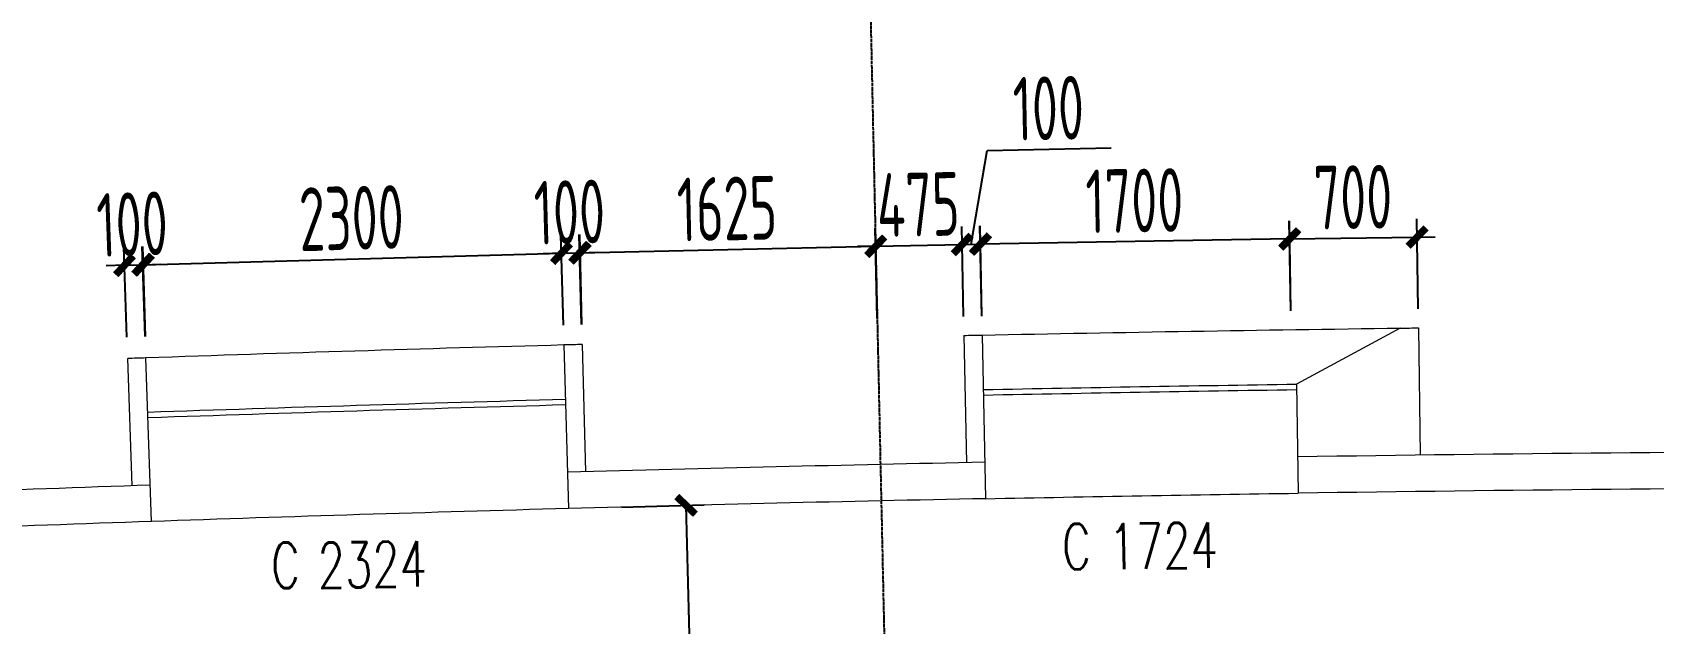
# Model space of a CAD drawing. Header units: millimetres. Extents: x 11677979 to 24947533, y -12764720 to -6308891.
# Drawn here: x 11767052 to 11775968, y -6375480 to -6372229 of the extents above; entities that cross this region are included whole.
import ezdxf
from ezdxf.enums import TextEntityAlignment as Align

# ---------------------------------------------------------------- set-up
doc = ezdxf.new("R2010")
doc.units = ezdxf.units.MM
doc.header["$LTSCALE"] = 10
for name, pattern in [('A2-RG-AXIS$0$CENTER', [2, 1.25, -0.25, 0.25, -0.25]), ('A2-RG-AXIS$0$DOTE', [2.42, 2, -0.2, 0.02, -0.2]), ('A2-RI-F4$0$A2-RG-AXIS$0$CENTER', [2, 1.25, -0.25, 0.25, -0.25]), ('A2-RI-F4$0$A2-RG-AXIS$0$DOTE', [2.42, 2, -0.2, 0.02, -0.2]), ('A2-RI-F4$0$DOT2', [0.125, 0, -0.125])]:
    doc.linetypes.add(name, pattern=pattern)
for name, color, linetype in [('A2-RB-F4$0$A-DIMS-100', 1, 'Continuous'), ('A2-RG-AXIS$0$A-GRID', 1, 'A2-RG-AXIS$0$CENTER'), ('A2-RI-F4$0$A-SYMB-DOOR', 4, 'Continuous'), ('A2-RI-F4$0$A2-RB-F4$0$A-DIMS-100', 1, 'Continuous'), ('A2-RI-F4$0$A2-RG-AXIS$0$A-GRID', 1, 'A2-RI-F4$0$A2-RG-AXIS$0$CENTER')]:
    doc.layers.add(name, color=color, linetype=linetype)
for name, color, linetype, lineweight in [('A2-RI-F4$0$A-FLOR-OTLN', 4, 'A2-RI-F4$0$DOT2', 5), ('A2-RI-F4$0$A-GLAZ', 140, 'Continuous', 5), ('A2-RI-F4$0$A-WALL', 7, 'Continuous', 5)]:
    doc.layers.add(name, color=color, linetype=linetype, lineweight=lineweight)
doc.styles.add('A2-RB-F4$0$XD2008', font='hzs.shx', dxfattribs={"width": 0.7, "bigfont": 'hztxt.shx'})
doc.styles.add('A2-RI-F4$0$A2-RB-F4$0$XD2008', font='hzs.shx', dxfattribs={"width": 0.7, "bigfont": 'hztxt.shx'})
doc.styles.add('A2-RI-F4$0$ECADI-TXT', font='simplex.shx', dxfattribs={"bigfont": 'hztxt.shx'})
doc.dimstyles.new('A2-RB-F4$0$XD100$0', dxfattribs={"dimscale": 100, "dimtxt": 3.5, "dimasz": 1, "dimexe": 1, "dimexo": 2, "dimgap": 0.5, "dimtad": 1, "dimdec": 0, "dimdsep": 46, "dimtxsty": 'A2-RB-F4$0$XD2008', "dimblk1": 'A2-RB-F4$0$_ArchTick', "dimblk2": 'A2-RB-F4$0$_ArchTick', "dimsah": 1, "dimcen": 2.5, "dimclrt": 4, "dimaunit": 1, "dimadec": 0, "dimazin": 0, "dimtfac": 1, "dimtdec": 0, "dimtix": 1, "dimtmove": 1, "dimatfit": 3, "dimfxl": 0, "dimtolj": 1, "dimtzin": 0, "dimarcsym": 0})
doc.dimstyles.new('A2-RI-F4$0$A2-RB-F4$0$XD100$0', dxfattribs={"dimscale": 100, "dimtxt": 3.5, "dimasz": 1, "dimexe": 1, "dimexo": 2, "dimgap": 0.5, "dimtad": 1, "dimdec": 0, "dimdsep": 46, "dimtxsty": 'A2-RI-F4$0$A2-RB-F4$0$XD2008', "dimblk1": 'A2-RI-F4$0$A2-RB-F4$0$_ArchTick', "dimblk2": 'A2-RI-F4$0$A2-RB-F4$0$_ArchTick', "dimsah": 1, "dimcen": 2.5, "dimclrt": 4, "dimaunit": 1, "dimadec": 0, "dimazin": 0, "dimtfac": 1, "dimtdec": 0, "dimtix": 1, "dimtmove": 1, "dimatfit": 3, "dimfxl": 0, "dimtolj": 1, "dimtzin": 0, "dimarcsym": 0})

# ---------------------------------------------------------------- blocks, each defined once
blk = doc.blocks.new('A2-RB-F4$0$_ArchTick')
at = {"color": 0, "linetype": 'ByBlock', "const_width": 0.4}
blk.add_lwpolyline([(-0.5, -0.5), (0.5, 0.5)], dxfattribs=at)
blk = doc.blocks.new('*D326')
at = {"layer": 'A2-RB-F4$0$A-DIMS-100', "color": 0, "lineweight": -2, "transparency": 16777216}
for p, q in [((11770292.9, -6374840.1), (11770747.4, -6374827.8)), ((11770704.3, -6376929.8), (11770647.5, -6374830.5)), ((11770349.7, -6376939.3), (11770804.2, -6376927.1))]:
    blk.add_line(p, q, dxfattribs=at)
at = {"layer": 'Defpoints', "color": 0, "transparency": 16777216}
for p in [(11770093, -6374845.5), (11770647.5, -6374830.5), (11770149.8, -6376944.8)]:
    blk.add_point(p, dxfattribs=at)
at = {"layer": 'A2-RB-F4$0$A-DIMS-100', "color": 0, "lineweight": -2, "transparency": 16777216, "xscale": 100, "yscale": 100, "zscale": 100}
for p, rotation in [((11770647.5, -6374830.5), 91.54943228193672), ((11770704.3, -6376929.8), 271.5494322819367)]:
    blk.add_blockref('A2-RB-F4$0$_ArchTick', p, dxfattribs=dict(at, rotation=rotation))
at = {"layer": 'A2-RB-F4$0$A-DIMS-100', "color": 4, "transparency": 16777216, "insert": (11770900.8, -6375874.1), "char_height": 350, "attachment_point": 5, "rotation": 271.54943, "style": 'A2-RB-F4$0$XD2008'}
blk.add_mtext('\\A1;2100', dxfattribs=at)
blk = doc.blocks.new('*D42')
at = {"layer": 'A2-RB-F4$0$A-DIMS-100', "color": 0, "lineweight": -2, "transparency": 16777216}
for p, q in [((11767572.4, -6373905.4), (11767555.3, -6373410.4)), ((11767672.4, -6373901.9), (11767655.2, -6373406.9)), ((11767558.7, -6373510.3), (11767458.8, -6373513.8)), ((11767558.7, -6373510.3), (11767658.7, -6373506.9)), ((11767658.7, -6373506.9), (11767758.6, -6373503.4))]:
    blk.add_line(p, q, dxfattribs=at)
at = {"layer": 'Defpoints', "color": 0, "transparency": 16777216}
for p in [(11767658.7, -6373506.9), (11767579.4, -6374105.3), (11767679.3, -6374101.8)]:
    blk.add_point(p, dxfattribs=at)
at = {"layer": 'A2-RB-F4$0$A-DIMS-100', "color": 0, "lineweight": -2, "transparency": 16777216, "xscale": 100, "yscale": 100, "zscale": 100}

+===+

Copy all records exactly; omit images.

# Model space of a CAD drawing. Header units: millimetres. Extents: x 11677979 to 24947533, y -12764720 to -6308891.
# Drawn here: x 11767052 to 11775968, y -6375480 to -6372229 of the extents above; entities that cross this region are included whole.
import ezdxf
from ezdxf.enums import TextEntityAlignment as Align

# ---------------------------------------------------------------- set-up
doc = ezdxf.new("R2010")
doc.units = ezdxf.units.MM
doc.header["$LTSCALE"] = 10
for name, pattern in [('A2-RG-AXIS$0$CENTER', [2, 1.25, -0.25, 0.25, -0.25]), ('A2-RG-AXIS$0$DOTE', [2.42, 2, -0.2, 0.02, -0.2]), ('A2-RI-F4$0$A2-RG-AXIS$0$CENTER', [2, 1.25, -0.25, 0.25, -0.25]), ('A2-RI-F4$0$A2-RG-AXIS$0$DOTE', [2.42, 2, -0.2, 0.02, -0.2]), ('A2-RI-F4$0$DOT2', [0.125, 0, -0.125])]:
    doc.linetypes.add(name, pattern=pattern)
for name, color, linetype in [('A2-RB-F4$0$A-DIMS-100', 1, 'Continuous'), ('A2-RG-AXIS$0$A-GRID', 1, 'A2-RG-AXIS$0$CENTER'), ('A2-RI-F4$0$A-SYMB-DOOR', 4, 'Continuous'), ('A2-RI-F4$0$A2-RB-F4$0$A-DIMS-100', 1, 'Continuous'), ('A2-RI-F4$0$A2-RG-AXIS$0$A-GRID', 1, 'A2-RI-F4$0$A2-RG-AXIS$0$CENTER')]:
    doc.layers.add(name, color=color, linetype=linetype)
for name, color, linetype, lineweight in [('A2-RI-F4$0$A-FLOR-OTLN', 4, 'A2-RI-F4$0$DOT2', 5), ('A2-RI-F4$0$A-GLAZ', 140, 'Continuous', 5), ('A2-RI-F4$0$A-WALL', 7, 'Continuous', 5)]:
    doc.layers.add(name, color=color, linetype=linetype, lineweight=lineweight)
doc.styles.add('A2-RB-F4$0$XD2008', font='hzs.shx', dxfattribs={"width": 0.7, "bigfont": 'hztxt.shx'})
doc.styles.add('A2-RI-F4$0$A2-RB-F4$0$XD2008', font='hzs.shx', dxfattribs={"width": 0.7, "bigfont": 'hztxt.shx'})
doc.styles.add('A2-RI-F4$0$ECADI-TXT', font='simplex.shx', dxfattribs={"bigfont": 'hztxt.shx'})
doc.dimstyles.new('A2-RB-F4$0$XD100$0', dxfattribs={"dimscale": 100, "dimtxt": 3.5, "dimasz": 1, "dimexe": 1, "dimexo": 2, "dimgap": 0.5, "dimtad": 1, "dimdec": 0, "dimdsep": 46, "dimtxsty": 'A2-RB-F4$0$XD2008', "dimblk1": 'A2-RB-F4$0$_ArchTick', "dimblk2": 'A2-RB-F4$0$_ArchTick', "dimsah": 1, "dimcen": 2.5, "dimclrt": 4, "dimaunit": 1, "dimadec": 0, "dimazin": 0, "dimtfac": 1, "dimtdec": 0, "dimtix": 1, "dimtmove": 1, "dimatfit": 3, "dimfxl": 0, "dimtolj": 1, "dimtzin": 0, "dimarcsym": 0})
doc.dimstyles.new('A2-RI-F4$0$A2-RB-F4$0$XD100$0', dxfattribs={"dimscale": 100, "dimtxt": 3.5, "dimasz": 1, "dimexe": 1, "dimexo": 2, "dimgap": 0.5, "dimtad": 1, "dimdec": 0, "dimdsep": 46, "dimtxsty": 'A2-RI-F4$0$A2-RB-F4$0$XD2008', "dimblk1": 'A2-RI-F4$0$A2-RB-F4$0$_ArchTick', "dimblk2": 'A2-RI-F4$0$A2-RB-F4$0$_ArchTick', "dimsah": 1, "dimcen": 2.5, "dimclrt": 4, "dimaunit": 1, "dimadec": 0, "dimazin": 0, "dimtfac": 1, "dimtdec": 0, "dimtix": 1, "dimtmove": 1, "dimatfit": 3, "dimfxl": 0, "dimtolj": 1, "dimtzin": 0, "dimarcsym": 0})

# ---------------------------------------------------------------- blocks, each defined once
blk = doc.blocks.new('A2-RB-F4$0$_ArchTick')
at = {"color": 0, "linetype": 'ByBlock', "const_width": 0.4}
blk.add_lwpolyline([(-0.5, -0.5), (0.5, 0.5)], dxfattribs=at)
blk = doc.blocks.new('*D326')
at = {"layer": 'A2-RB-F4$0$A-DIMS-100', "color": 0, "lineweight": -2, "transparency": 16777216}
for p, q in [((11770292.9, -6374840.1), (11770747.4, -6374827.8)), ((11770704.3, -6376929.8), (11770647.5, -6374830.5)), ((11770349.7, -6376939.3), (11770804.2, -6376927.1))]:
    blk.add_line(p, q, dxfattribs=at)
at = {"layer": 'Defpoints', "color": 0, "transparency": 16777216}
for p in [(11770093, -6374845.5), (11770647.5, -6374830.5), (11770149.8, -6376944.8)]:
    blk.add_point(p, dxfattribs=at)
at = {"layer": 'A2-RB-F4$0$A-DIMS-100', "color": 0, "lineweight": -2, "transparency": 16777216, "xscale": 100, "yscale": 100, "zscale": 100}
for p, rotation in [((11770647.5, -6374830.5), 91.54943228193672), ((11770704.3, -6376929.8), 271.5494322819367)]:
    blk.add_blockref('A2-RB-F4$0$_ArchTick', p, dxfattribs=dict(at, rotation=rotation))
at = {"layer": 'A2-RB-F4$0$A-DIMS-100', "color": 4, "transparency": 16777216, "insert": (11770900.8, -6375874.1), "char_height": 350, "attachment_point": 5, "rotation": 271.54943, "style": 'A2-RB-F4$0$XD2008'}
blk.add_mtext('\\A1;2100', dxfattribs=at)
blk = doc.blocks.new('*D42')
at = {"layer": 'A2-RB-F4$0$A-DIMS-100', "color": 0, "lineweight": -2, "transparency": 16777216}
for p, q in [((11767572.4, -6373905.4), (11767555.3, -6373410.4)), ((11767672.4, -6373901.9), (11767655.2, -6373406.9)), ((11767558.7, -6373510.3), (11767458.8, -6373513.8)), ((11767558.7, -6373510.3), (11767658.7, -6373506.9)), ((11767658.7, -6373506.9), (11767758.6, -6373503.4))]:
    blk.add_line(p, q, dxfattribs=at)
at = {"layer": 'Defpoints', "color": 0, "transparency": 16777216}
for p in [(11767658.7, -6373506.9), (11767579.4, -6374105.3), (11767679.3, -6374101.8)]:
    blk.add_point(p, dxfattribs=at)
at = {"layer": 'A2-RB-F4$0$A-DIMS-100', "color": 0, "lineweight": -2, "transparency": 16777216, "xscale": 100, "yscale": 100, "zscale": 100}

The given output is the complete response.